Mess
Hall Tango – 11:50
The
Academy mess hall grinds along like a slaughterhouse draped in
civility. Long tables masquerade as polished oak, but the veneer is
thin, scarred by years of knives and elbows. Steam rises thick from
the serving line, carrying grease and spice, while fluorescent lights
buzz overhead like dying insects. Beneath the clatter of trays and
forced conversation, a thousand rivalries simmer, quiet, patient,
lethal.
Lucille
drifts through it all like a ghost that hasn’t yet learned it’s
dead. Cain walks beside her, taller, steadier, his tray piled high
enough for two. He matches her short stride without thinking, the way
he has since they were small, though even he senses the wire coiled
beneath her skin today, humming with violence.
She
loads her tray by rote: a square of cornbread gone cold at the edges,
pulled pork swimming in dark gravy, mashed sweet potatoes slick with
butter, collard greens bitter and overcooked, a fried catfish fillet
curling at the corners. Food for fuel, not pleasure. Calories counted
in survival, not savor.
Cain’s
tray is deliberate: smoked chicken breast dusted red with paprika,
roasted okra crisp and charred, cornbread still warm, green beans
glistening with butter. Chosen with care, enough to sustain, enough
to remember taste matters.
They
sit at an empty stretch near the wall. Lucille eats with mechanical
fury, fork scraping plate like she’s punishing the food for
existing. The scents cling heavy, sweet starch, fried batter, pork
fat, but they do nothing to warm the hollow under her ribs.
Cain
breaks first. He always does.
“Rough
mornin’?” Cain asks quietly.
Lucille
shrugs, eyes on her tray. “Tired.”
A
lie, thin as the steam curling between them.
He
doesn’t press. Tears into a roll instead, watching her bandaged
knuckles flex and tense. He fills the quiet with safe things: next
period’s field medicine, the instructor who loses his glasses
mid-lecture, whispers of surprise evaluations. Light topics, offered
like bandages over a wound he can’t see.
Her
answers come short, edged. But she listens. He knows she does.
Near
the end of the meal, when her assault on the plate slows, he tries
again, quieter.
“You
alright, Lucy?”
She
stiffens. Barely. “Told you I’m tired.”
Lie
number two, sharper.
Cain
nods like he believes it, but his eyes say different: I see you. I
know. Let me in.
Silence
settles, heavy, inevitable.
Then
the air shifts, sours.
Maelia
and Tiber stride in.
Lucille
doesn’t look up, but her shoulders draw tight as bowstrings. Cain
feels the change beside him like a blade sliding free.
Maelia’s
laugh rings out, high, crystalline, cruel. Tiber’s boots thud
heavier than necessary.
Lucille’s
spoon freezes halfway to her mouth.
Cain
sets his own down, soft, deliberate.
“Lucille—”
he starts.
Too
late.
Maelia
and Tiber drop their trays across the table with a clatter meant to
announce conquest. Maelia’s smile cuts clean. Tiber leans back,
smirk honed sharp.
“Well
now,” Maelia croons, voice bright as broken glass. “You two do
eat together an awful lot.” She tilts her head, smile
sharpening. “Folks might start thinkin’ Cain Aurellius has gone
soft on orphans.”
Lucille
chews mechanically, building walls bite by bite. Fork whites in her
grip.
Cain
tilts his head, calm masking storm. “Afternoon, Maelia.”
Tiber
leans forward, elbows wide. “Seriously? Domitian again?” He pops
a grape into his mouth. “You can do better than that, Aurellius.

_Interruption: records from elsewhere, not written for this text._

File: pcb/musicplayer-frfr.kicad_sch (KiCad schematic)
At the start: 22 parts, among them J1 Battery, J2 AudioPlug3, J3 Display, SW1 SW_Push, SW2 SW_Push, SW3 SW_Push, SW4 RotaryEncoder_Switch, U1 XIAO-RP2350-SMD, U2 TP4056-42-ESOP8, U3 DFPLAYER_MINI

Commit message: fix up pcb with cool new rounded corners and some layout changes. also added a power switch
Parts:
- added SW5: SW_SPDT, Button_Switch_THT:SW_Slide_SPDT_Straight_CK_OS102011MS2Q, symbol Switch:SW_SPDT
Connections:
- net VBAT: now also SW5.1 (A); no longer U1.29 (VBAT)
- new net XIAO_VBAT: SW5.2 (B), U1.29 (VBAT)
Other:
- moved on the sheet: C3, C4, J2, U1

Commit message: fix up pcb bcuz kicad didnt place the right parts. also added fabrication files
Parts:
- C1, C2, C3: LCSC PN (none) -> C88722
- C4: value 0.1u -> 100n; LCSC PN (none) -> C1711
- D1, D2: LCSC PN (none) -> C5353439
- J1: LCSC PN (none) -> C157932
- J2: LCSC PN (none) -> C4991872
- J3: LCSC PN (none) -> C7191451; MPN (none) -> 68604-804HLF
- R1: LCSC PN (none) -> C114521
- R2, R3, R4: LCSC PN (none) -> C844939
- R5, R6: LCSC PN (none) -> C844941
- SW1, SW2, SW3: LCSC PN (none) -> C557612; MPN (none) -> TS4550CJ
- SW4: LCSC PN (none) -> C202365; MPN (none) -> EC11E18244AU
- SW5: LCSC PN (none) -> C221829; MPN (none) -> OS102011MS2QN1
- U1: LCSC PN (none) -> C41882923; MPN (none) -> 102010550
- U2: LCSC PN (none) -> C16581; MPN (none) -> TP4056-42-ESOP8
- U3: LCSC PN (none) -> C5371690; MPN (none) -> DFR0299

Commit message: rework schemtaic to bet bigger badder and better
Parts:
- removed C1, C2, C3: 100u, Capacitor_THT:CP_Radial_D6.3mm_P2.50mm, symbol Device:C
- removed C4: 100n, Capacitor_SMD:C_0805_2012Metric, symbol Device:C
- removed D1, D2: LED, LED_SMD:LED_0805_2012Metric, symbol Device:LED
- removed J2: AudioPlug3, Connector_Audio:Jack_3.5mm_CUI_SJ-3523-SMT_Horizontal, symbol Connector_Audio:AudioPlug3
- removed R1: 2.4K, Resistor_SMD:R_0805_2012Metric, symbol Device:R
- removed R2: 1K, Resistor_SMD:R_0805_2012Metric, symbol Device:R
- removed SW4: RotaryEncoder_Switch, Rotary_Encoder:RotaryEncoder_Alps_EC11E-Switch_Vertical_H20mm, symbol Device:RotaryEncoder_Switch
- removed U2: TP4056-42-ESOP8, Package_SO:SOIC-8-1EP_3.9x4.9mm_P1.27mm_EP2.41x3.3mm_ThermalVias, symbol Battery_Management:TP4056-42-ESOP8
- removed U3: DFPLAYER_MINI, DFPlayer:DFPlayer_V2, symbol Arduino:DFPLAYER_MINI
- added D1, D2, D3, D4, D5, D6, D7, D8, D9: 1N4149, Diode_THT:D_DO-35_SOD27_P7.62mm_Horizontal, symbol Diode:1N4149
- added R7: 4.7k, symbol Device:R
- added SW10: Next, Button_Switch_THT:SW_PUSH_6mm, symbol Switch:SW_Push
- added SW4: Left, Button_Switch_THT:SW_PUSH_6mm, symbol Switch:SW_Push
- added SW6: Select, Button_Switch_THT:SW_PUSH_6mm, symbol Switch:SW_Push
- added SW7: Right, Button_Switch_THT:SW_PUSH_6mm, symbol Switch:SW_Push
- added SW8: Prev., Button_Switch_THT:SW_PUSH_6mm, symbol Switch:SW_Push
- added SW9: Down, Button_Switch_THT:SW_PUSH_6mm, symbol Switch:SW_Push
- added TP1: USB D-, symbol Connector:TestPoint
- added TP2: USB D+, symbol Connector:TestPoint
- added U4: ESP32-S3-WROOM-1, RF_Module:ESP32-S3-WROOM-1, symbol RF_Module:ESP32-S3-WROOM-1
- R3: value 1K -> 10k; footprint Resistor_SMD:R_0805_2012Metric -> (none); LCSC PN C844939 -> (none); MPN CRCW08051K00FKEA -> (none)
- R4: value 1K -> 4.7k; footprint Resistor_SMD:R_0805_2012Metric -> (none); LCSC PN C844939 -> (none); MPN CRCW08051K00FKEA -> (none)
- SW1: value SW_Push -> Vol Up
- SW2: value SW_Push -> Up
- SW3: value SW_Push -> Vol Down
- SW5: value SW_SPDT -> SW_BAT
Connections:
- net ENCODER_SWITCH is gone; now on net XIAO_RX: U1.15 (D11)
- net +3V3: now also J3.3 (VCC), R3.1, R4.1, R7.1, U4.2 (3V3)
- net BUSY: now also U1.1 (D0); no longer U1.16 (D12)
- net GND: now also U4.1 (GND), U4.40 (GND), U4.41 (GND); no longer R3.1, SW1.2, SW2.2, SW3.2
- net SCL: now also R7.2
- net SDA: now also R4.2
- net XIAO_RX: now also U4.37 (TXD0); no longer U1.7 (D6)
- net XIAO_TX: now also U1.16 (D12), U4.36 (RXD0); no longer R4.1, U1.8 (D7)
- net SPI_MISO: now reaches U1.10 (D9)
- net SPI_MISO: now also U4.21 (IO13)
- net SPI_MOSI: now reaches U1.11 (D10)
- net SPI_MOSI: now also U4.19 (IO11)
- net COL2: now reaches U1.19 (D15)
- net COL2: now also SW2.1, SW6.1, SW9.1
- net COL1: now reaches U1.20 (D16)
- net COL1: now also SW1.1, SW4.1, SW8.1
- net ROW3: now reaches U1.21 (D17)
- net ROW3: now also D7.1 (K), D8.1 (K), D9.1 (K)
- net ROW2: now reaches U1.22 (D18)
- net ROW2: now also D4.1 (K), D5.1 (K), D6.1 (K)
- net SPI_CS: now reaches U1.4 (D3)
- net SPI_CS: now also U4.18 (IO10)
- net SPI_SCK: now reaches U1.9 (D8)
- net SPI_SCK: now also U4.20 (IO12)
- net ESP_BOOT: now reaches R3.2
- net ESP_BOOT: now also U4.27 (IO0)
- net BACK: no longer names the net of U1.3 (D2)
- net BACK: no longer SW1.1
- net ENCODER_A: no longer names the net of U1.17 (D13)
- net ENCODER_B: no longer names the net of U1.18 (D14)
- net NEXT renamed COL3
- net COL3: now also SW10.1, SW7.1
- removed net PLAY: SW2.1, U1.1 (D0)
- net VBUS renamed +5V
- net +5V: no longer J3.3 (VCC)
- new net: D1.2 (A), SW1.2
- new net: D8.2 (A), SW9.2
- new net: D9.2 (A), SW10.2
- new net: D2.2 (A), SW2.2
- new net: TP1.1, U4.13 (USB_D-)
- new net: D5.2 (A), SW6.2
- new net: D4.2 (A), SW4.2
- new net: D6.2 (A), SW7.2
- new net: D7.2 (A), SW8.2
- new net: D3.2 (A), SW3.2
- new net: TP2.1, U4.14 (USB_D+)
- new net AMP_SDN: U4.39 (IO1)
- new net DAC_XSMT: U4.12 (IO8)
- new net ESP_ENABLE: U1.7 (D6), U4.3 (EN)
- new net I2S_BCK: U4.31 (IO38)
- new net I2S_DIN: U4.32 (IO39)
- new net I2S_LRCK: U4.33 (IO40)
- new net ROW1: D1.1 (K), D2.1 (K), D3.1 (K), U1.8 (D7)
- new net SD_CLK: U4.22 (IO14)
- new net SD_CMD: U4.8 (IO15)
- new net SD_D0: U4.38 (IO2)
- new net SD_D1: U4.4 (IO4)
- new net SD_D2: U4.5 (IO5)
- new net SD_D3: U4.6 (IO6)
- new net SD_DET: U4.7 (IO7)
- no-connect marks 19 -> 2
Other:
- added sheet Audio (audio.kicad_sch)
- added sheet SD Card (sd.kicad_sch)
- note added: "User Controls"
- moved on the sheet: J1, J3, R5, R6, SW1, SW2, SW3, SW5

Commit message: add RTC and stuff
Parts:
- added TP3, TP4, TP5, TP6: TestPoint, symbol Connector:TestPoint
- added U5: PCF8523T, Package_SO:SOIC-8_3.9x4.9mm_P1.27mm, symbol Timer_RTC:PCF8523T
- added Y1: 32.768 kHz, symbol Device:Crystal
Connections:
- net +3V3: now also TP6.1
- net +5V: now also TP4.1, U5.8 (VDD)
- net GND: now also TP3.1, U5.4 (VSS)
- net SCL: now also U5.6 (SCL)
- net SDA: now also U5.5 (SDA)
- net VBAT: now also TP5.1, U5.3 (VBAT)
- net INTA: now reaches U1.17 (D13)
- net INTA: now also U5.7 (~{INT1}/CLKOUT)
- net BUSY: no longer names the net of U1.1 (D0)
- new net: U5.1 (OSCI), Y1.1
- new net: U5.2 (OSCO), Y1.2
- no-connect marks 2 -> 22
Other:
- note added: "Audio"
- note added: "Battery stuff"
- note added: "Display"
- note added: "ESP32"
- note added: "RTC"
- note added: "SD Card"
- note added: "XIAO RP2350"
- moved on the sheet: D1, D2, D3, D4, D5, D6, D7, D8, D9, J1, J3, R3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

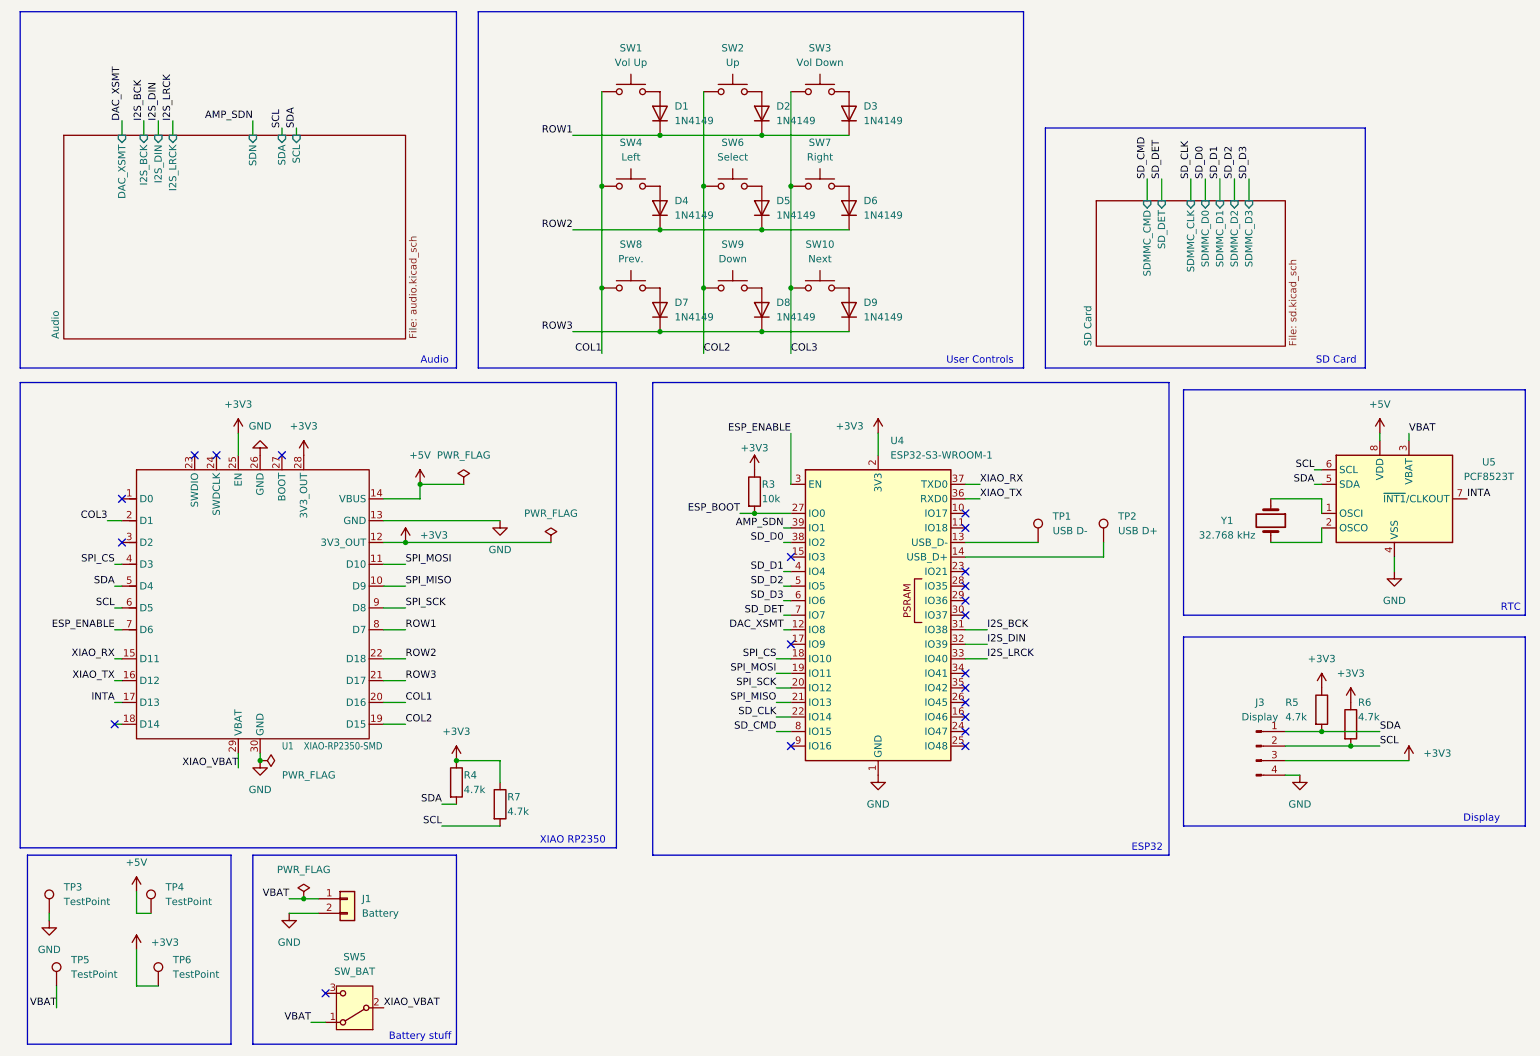
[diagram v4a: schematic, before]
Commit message: fix JOURNAL.md hour formatting
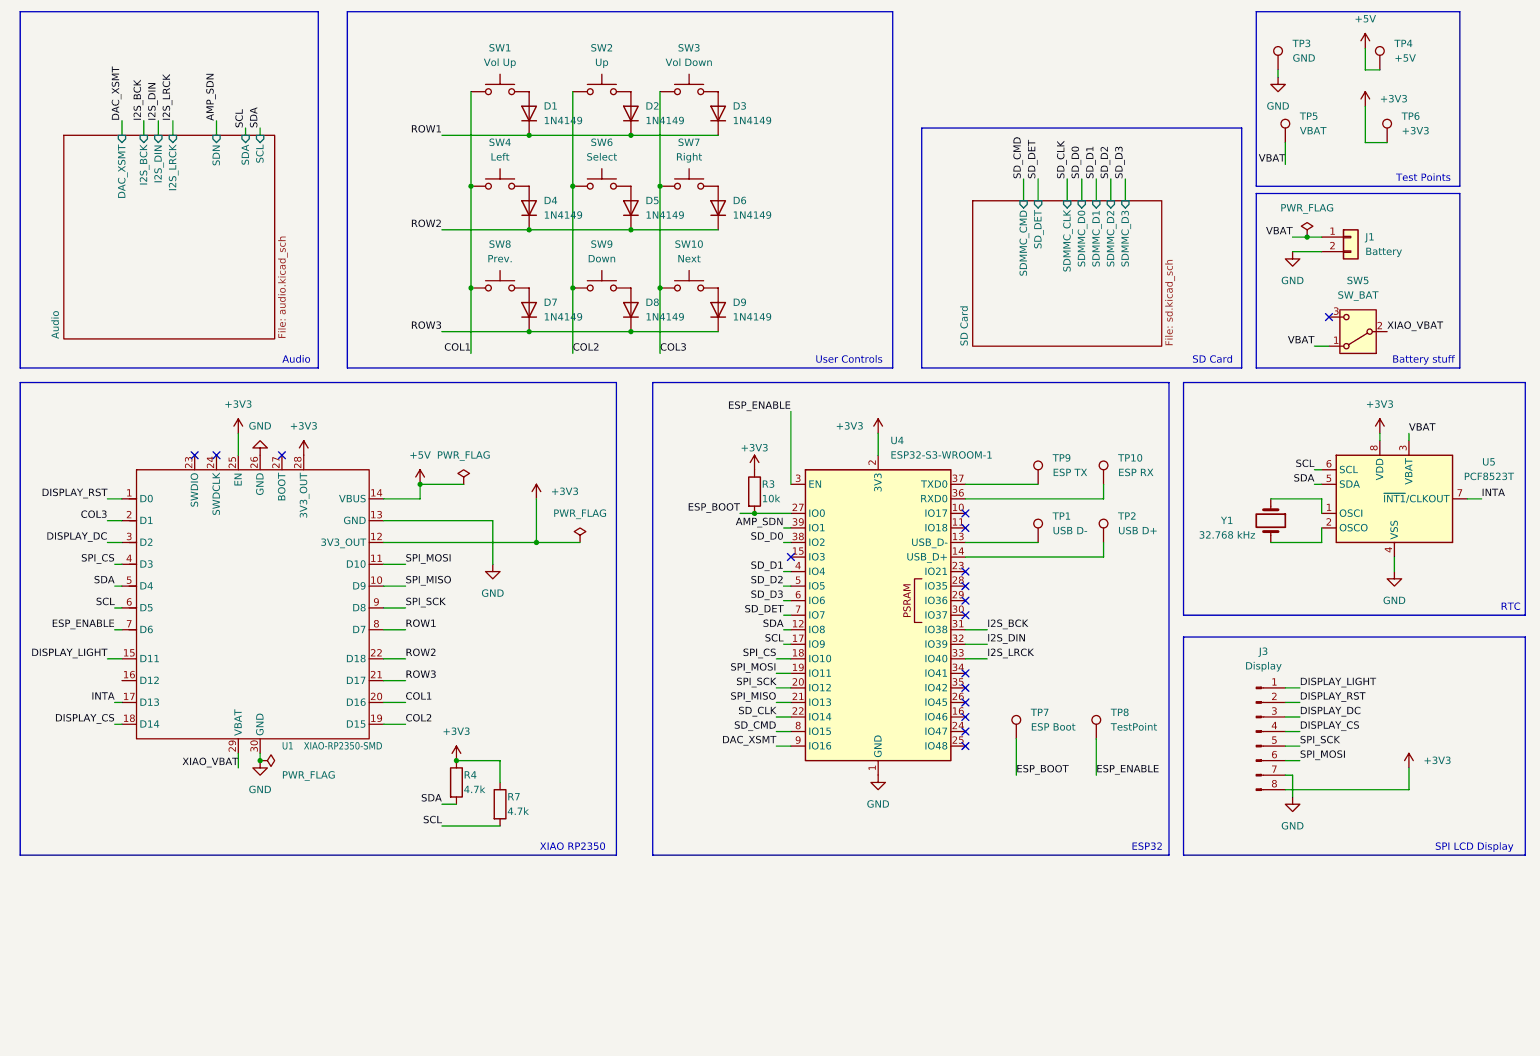
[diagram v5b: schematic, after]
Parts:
- removed J3: Display, Connector_PinHeader_2.54mm:PinHeader_1x04_P2.54mm_Vertical, symbol Connector:Conn_01x04_Pin
- removed R5, R6: 4.7k, Resistor_SMD:R_0805_2012Metric, symbol Device:R
- added J3: Display, symbol Connector:Conn_01x08_Pin
- added TP10: ESP RX, symbol Connector:TestPoint
- added TP7: ESP Boot, symbol Connector:TestPoint
- added TP8: TestPoint, symbol Connector:TestPoint
- added TP9: ESP TX, symbol Connector:TestPoint
- TP3: value TestPoint -> GND
- TP4: value TestPoint -> +5V
- TP5: value TestPoint -> VBAT
- TP6: value TestPoint -> +3V3
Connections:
- net +3V3: now also U5.8 (VDD), J3.8 (Pin_8)
- net +5V: no longer U5.8 (VDD)
- net DAC_XSMT: now also U4.9 (IO16); no longer U4.12 (IO8)
- net ESP_BOOT: now also TP7.1
- net ESP_ENABLE: now also TP8.1
- net GND: now also J3.7 (Pin_7)
- net SCL: now also U4.17 (IO9)
- net SDA: now also U4.12 (IO8)
- net SPI_MOSI: now also J3.6 (Pin_6)
- net SPI_SCK: now also J3.5 (Pin_5)
- net DISPLAY_RST: now reaches U1.1 (D0)
- net DISPLAY_RST: now also J3.2 (Pin_2)
- net DISPLAY_CS: now reaches U1.18 (D14)
- net DISPLAY_CS: now also J3.4 (Pin_4)
- net DISPLAY_DC: now reaches U1.3 (D2)
- net DISPLAY_DC: now also J3.3 (Pin_3)
- net XIAO_RX: no longer names the net of U4.37 (TXD0)
- net XIAO_RX: now also TP9.1; no longer U1.15 (D11)
- net XIAO_TX: no longer names the net of U1.16 (D12)
- net XIAO_TX: no longer U4.36 (RXD0)
- new net: TP10.1, U4.36 (RXD0)
- new net DISPLAY_LIGHT: J3.1 (Pin_1), U1.15 (D11)
- no-connect marks 22 -> 17
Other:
- note added: "SPI LCD Display"
- note added: "Test Points"
- note removed: "Display"
- moved on the sheet: D1, D2, D3, D4, D5, D6, D7, D8, D9, SW1, SW10, SW2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

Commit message: layout pcb
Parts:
- J3: footprint (none) -> Connector_PinHeader_2.54mm:PinHeader_1x08_P2.54mm_Vertical
- R3, R4, R7: footprint (none) -> Resistor_SMD:R_0805_2012Metric_Pad1.20x1.40mm_HandSolder
- TP1, TP10, TP2, TP3, TP4, TP5, TP6, TP7, TP9: footprint (none) -> TestPoint:TestPoint_Pad_D3.0mm
- TP8: value TestPoint -> ESP Enable; footprint (none) -> TestPoint:TestPoint_Pad_D3.0mm
- Y1: footprint (none) -> Crystal:Crystal_SMD_2012-2Pin_2.0x1.2mm_HandSoldering
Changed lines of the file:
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@@
 			)
 		)
-		(property "Value" "TestPoint"
+		(property "Value" "ESP Enable"
 			(at 204.47 140.2079 0)
 			(show_name no)
@@
 			)
 		)
-		(property "Footprint" ""
+		(property "Footprint" "TestPoint:TestPoint_Pad_D3.0mm"
 			(at 207.01 142.24 0)
 			(hide yes)
@@
 			)
 		)
-		(property "Footprint" ""
+		(property "Footprint" "Crystal:Crystal_SMD_2012-2Pin_2.0x1.2mm_HandSoldering"
 			(at 232.41 104.14 0)
 			(hide yes)
@@
 			)
 		)
-		(property "Footprint" ""
+		(property "Footprint" "Resistor_SMD:R_0805_2012Metric_Pad1.20x1.40mm_HandSolder"
 			(at 140.462 99.06 90)
 			(hide yes)
@@
 			)
 		)
-		(property "Footprint" ""
+		(property "Footprint" "Connector_PinHeader_2.54mm:PinHeader_1x08_P2.54mm_Vertical"
 			(at 229.87 140.97 0)
 			(hide yes)
@@
 			)
 		)
+		(property "MPN" ""
+			(at 229.87 140.97 0)
+			(hide yes)
+			(show_name no)
+			(do_not_autoplace no)
+			(effects
+				(font
+					(size 1.27 1.27)
+				)
+			)
+		)
+		(property "LCSC PN" ""
+			(at 229.87 140.97 0)
+			(hide yes)
+			(show_name no)
+			(do_not_autoplace no)
+			(effects
+				(font
+					(size 1.27 1.27)
+				)
+			)
+		)
 		(pin "2"
 		)
@@
 			)
 		)
-		(property "Footprint" ""
+		(property "Footprint" "TestPoint:TestPoint_Pad_D3.0mm"
 			(at 208.28 97.79 0)
 			(hide yes)
@@
 			)
 		)
-		(property "Footprint" ""
+		(property "Footprint" "TestPoint:TestPoint_Pad_D3.0mm"
 			(at 238.76 25.4 0)
 			(hide yes)
@@
 			)
 		)
-		(property "Footprint" ""
+		(property "Footprint" "TestPoint:TestPoint_Pad_D3.0mm"
 			(at 256.54 25.4 0)
 			(hide yes)
@@
 			)
 		)
-		(property "Footprint" ""
+		(property "Footprint" "TestPoint:TestPoint_Pad_D3.0mm"
 			(at 196.85 107.95 0)
 			(hide yes)
@@
 			)
 		)
-		(property "Footprint" ""
+		(property "Footprint" "TestPoint:TestPoint_Pad_D3.0mm"
 			(at 196.85 97.79 0)
 			(hide yes)
@@
 			)
 		)
-		(property "Footprint" ""
+		(property "Footprint" "Resistor_SMD:R_0805_2012Metric_Pad1.20x1.40mm_HandSolder"
 			(at 88.392 149.86 90)
 			(hide yes)
@@
 			)
 		)
-		(property "Footprint" ""
+		(property "Footprint" "Resistor_SMD:R_0805_2012Metric_Pad1.20x1.40mm_HandSolder"
 			(at 96.012 153.67 90)
 			(hide yes)
@@
 			)
 		)
-		(property "Footprint" ""
+		(property "Footprint" "TestPoint:TestPoint_Pad_D3.0mm"
 			(at 193.04 142.24 0)
 			(hide yes)
@@
 			)
 		)
-		(property "Footprint" ""
+		(property "Footprint" "TestPoint:TestPoint_Pad_D3.0mm"
 			(at 208.28 107.95 0)
 			(hide yes)
@@
 			)
 		)
-		(property "Footprint" ""
+		(property "Footprint" "TestPoint:TestPoint_Pad_D3.0mm"
 			(at 257.81 38.1 0)
 			(hide yes)
@@
 			)
 		)
-		(property "Footprint" ""
+		(property "Footprint" "TestPoint:TestPoint_Pad_D3.0mm"
 			(at 240.03 38.1 0)
 			(hide yes)

She’s dead weight on your name.”
Lucille’s
breath snags. Fork trembles.
“She’s
better company than most,” Cain replies evenly.
Maelia
laughs, light and cruel. “Oh, don’t be dramatic. Orphans are
statistically—”
“Enough,
Maelia.” Cain’s voice cuts clean, cold iron beneath silk. “Sit
down, or walk away. Your choice.”
She
blinks, affronted. Tiber’s sneer deepens.
“Let’s
not pretend,” Tiber drawls. “If her folks wanted her, she
wouldn’t be Domitian trash. And if yours actually cared ’bout
your future, Cain, you’d cut her loose.” He smirks. “Right now
she’s just charity.”
Lucille
locks. Every muscle seizes. Teeth sink into her lip until copper
blooms.
“We’re
not—” Cain snaps, then reins it in, disgust sharp. “That’s
vile, Tiber. We’re family.”
Tiber
shrugs, lazy cruelty. “Exactly.”
Cain
sets his fork down, precise, controlled. The sound still cracks. “No
one knows what happened to her blood,” he says quietly. “You
don’t either. So stop spittin’ on things you don’t understand.”
His eyes harden. “You sound like spoiled children.”
Maelia
scoffs. Tiber rolls his eyes.
Lucille
shovels food faster, rage rising hot and ancient, fifteen years of
being unwanted, unclaimed, lesser. Skin prickles. Stomach knots. She
swallows fury with every bite, but it burns going down.
Maelia
picks at her cheese, oblivious. “You’re cruel,
Cain. Leadin’ her on like this.”
Cain’s
gaze snaps to her. “Leadin’ her how, exactly?”
Tiber
smiles slow. “Makin’ her think she’ll matter after graduation.”
He tilts his head. “She won’t. She’s a stray. A project. House
Aurellius isn’t gonna stain itself for a Domitian.”
The
words land like blows.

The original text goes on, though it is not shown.